I have a 2012 Charger with the 4.3 uconnect system. I am attempting to use the factory head unit to feed aftermarket everything else. The trouble I am having is getting the factory signal converted to line level. I have tried the Pac-Audio C2A-CHY5. When that is installed I get no audio at all. I can tell it is at least getting the volume up and down signal because I can hear the slight noise floor increase as I increase to max volume on the factory head unit. I also looked at their AOEM-CHR3 but it uses different plugs than what is used in the car. I also tried just a plain old LOC on the front speaker outputs, disconnected the rears and in doing so completely pissed off the factory head unit. It shut down all audio output when LOC was installed. After reconnecting the speakers I still had to disconnect the car battery for a bit to get it to reset and start outputting again. So any ideas on what I am missing or need to do? Is it likely that the head unit kicked into protection when I had the LOC installed because it did not see any load on the rear speakers? If that is the case I could throw a LOC on the rears too.

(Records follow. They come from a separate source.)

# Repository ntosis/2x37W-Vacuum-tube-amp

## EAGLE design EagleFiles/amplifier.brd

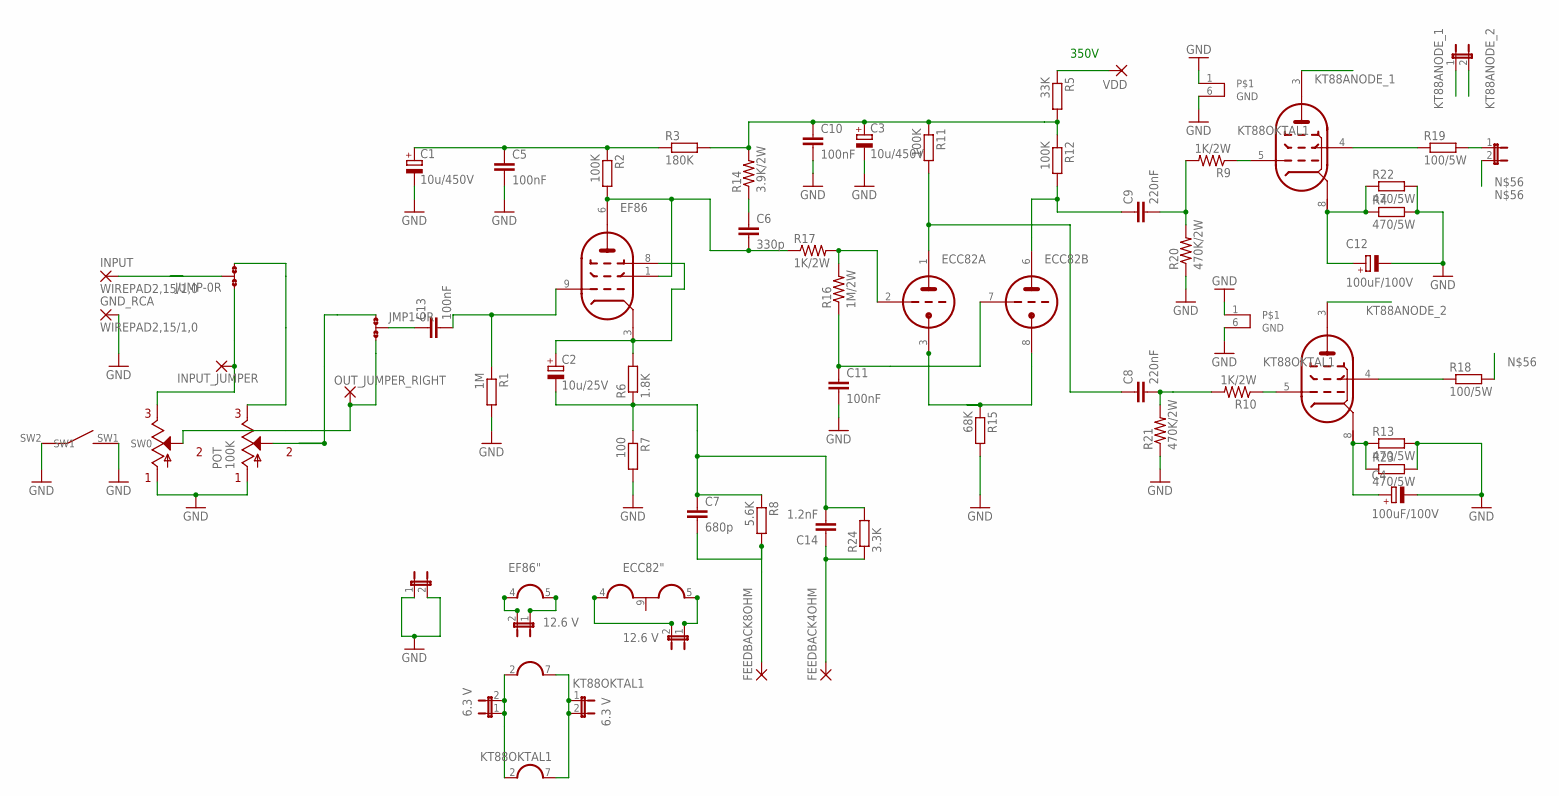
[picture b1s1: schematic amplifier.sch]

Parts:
6.3_KT88, 6.3_KTGND: 6.3 V; JP1
12.6V_ECC82, 12.6_EF86: 12.6 V; JP1
C1, C3: 10u/450V; E5-10,5
C2: 10u/25V; E3,5-10
C4, C12: 100uF/100V; E3,5-10
C5, C10, C11: 100nF; C7.5B3
C6: 330p; C5B5.5
C7: 680p; C5B5.5
C8, C9: 220nF; C7.5B3
C13: 100nF; C0805K
C14: 1.2nF; C5B5.5
ECC82: ECC82-P; NOVAL
EF86: EF86-P; NOVAL
FEEDBACK4OHM, FEEDBACK8OHM: 2,54/1,1
GND: JP1E; JP1
GND_RCA: WIREPAD2,15/1,0; 2,15/1,0
INPUT: WIREPAD2,15/1,0; 2,15/1,0
INPUT_JUMPER: 2,54/1,1
JMP1: 0R-JUMPA; A0R-JMP
JUMP: 0R-JUMPA; A0R-JMP
KT88_OUTPUT, KT88_TRAFO: JP1E; JP1
OUT_JUMPER_RIGHT: 2,54/1,1
POT: 100K; PTR902-2015K-A104
R1: 1M; R0805
R2, R11, R12: 100K; R0805
R3: 180K; R0805
R4, R13, R22, R23: 470/5W; 0617V
R5: 33K; R0805
R6: 1.8K; R0805
R7: 100; R0805
R8: 5.6K; R0805
R9, R10, R17: 1K/2W; R2512
R14: 3.9K/2W; R2512
R15: 68K; R0805
R16: 1M/2W; R2512
R18, R19: 100/5W; P0817V
R20, R21: 470K/2W; R2512
R24: 3.3K; R0805
U$2, U$3: KT88OKTAL1; OKTAL1
VDD: 2,54/1,1

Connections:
DIFFOUTPUT_N: C8.1, ECC82.1 (TA), R11.2
DIFFOUTPUT_P: C9.1, ECC82.6 (TA), R12.2
ECC82FILL+: 12.6V_ECC82.2, ECC82.4 (H1)
ECC82FILL-: 12.6V_ECC82.1, ECC82.5 (H3)
EF86FILL+: 12.6_EF86.2, EF86.4 (H1)
EF86FILL-: 12.6_EF86.1, EF86.5 (H2)
GND: C1.-, C3.-, C4.-, C5.2, C10.2, C11.2, C12.-, GND.1, GND.2, GND_RCA.1, POT.R1_1, POT.R2_1, POT.SW1 (SW0), POT.SW2 (SW1), R1.2, R4.2, R7.2, R13.2, R15.2, R20.1, R21.1, R22.2, R23.2, U$2.1, U$2.6 (GND), U$3.1, U$3.6 (GND)
KT88ANODE_1: KT88_OUTPUT.1, U$2.3 (ANODE)
KT88ANODE_2: KT88_OUTPUT.2, U$3.3 (ANODE)
KT88FILLAMENT+: 6.3_KT88.1, 6.3_KT88.2, U$2.2 (H1), U$3.2 (H1)
KT88FILLAMENT-: 6.3_KTGND.1, 6.3_KTGND.2, U$2.7 (H2), U$3.7 (H2)
KT88GRID_1: C9.2, R9.2, R20.2
KT88GRID_2: C8.2, R10.2, R21.2
KT88KATHODE_1: C12.+, R4.1, R22.1, U$2.8 (KATHODE)
KT88KATHODE_2: C4.+, R13.1, R23.1, U$3.8 (KATHODE)
unnamed: INPUT.1, JUMP.2
unnamed: C13.2, EF86.9 (PG), R1.1
unnamed: C2.+, EF86.3 (PK), EF86.8 (PBG), R6.2
unnamed: C6.2, EF86.1 (PSG), EF86.6 (PA), R2.2, R17.1
unnamed: C1.+, C5.1, R2.1, R3.1
unnamed: C3.+, C10.1, R3.2, R5.2, R11.1, R12.1, R14.2
unnamed: ECC82.2 (TG), R16.2, R17.2
unnamed: C6.1, R14.1
unnamed: C2.-, C7.1, C14.2, R6.1, R7.1, R8.1, R24.2
unnamed: C7.2, FEEDBACK8OHM.1, R8.2
unnamed: C11.1, ECC82.7 (TG), R16.1
unnamed: C14.1, FEEDBACK4OHM.1, R24.1
unnamed: R9.1, U$2.5 (INPUT)
unnamed: R10.1, U$3.5 (INPUT)
unnamed: R18.1, U$3.4 (OUTPUT)
unnamed: JMP1.1, POT.R1_2
unnamed: JUMP.3, POT.R1_3
unnamed: R19.1, U$2.4 (OUTPUT)
unnamed: ECC82.3 (TK), ECC82.8 (TK), R15.1
unnamed: R5.1, VDD.1
unnamed: JMP1.3, OUT_JUMPER_RIGHT.1, POT.R2_2
unnamed: KT88_TRAFO.1, R19.2
unnamed: INPUT_JUMPER.1, JUMP.1, POT.R2_3
unnamed: C13.1, JMP1.2
unnamed: KT88_TRAFO.2, R18.2

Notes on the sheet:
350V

Any help on this is appreciated.


----------



## DarkStar (Jun 23, 2012)

In case anyone else is interested... After playing around with this for a while, I found that this head unit wants to see some resistance across the speakers. The 20k ohms on the Audio Control converter is not enough. I have this working for now with 20 ohms of resistance across the speaker outs before the converter. Without it, the head unit shuts off all audio output and has to be reset by killing power to it. Its like it is protectecting a tube amp stage... Not real happy with it but it is at least functional for now.


----------



## DarkStar (Jun 23, 2012)

This one does not have an amp, but the signal was always pulled from the actual speaker leads at the speakers to go to the converter so that I was sure I was not missing it. I am using the LC2i now, same input impedance on their stuff.


----------



## Blackcharger06 (Mar 28, 2007)

Go aftermarket.. it will be alot better then the cleansweep lc6 or lc8... I've been there done that...


----------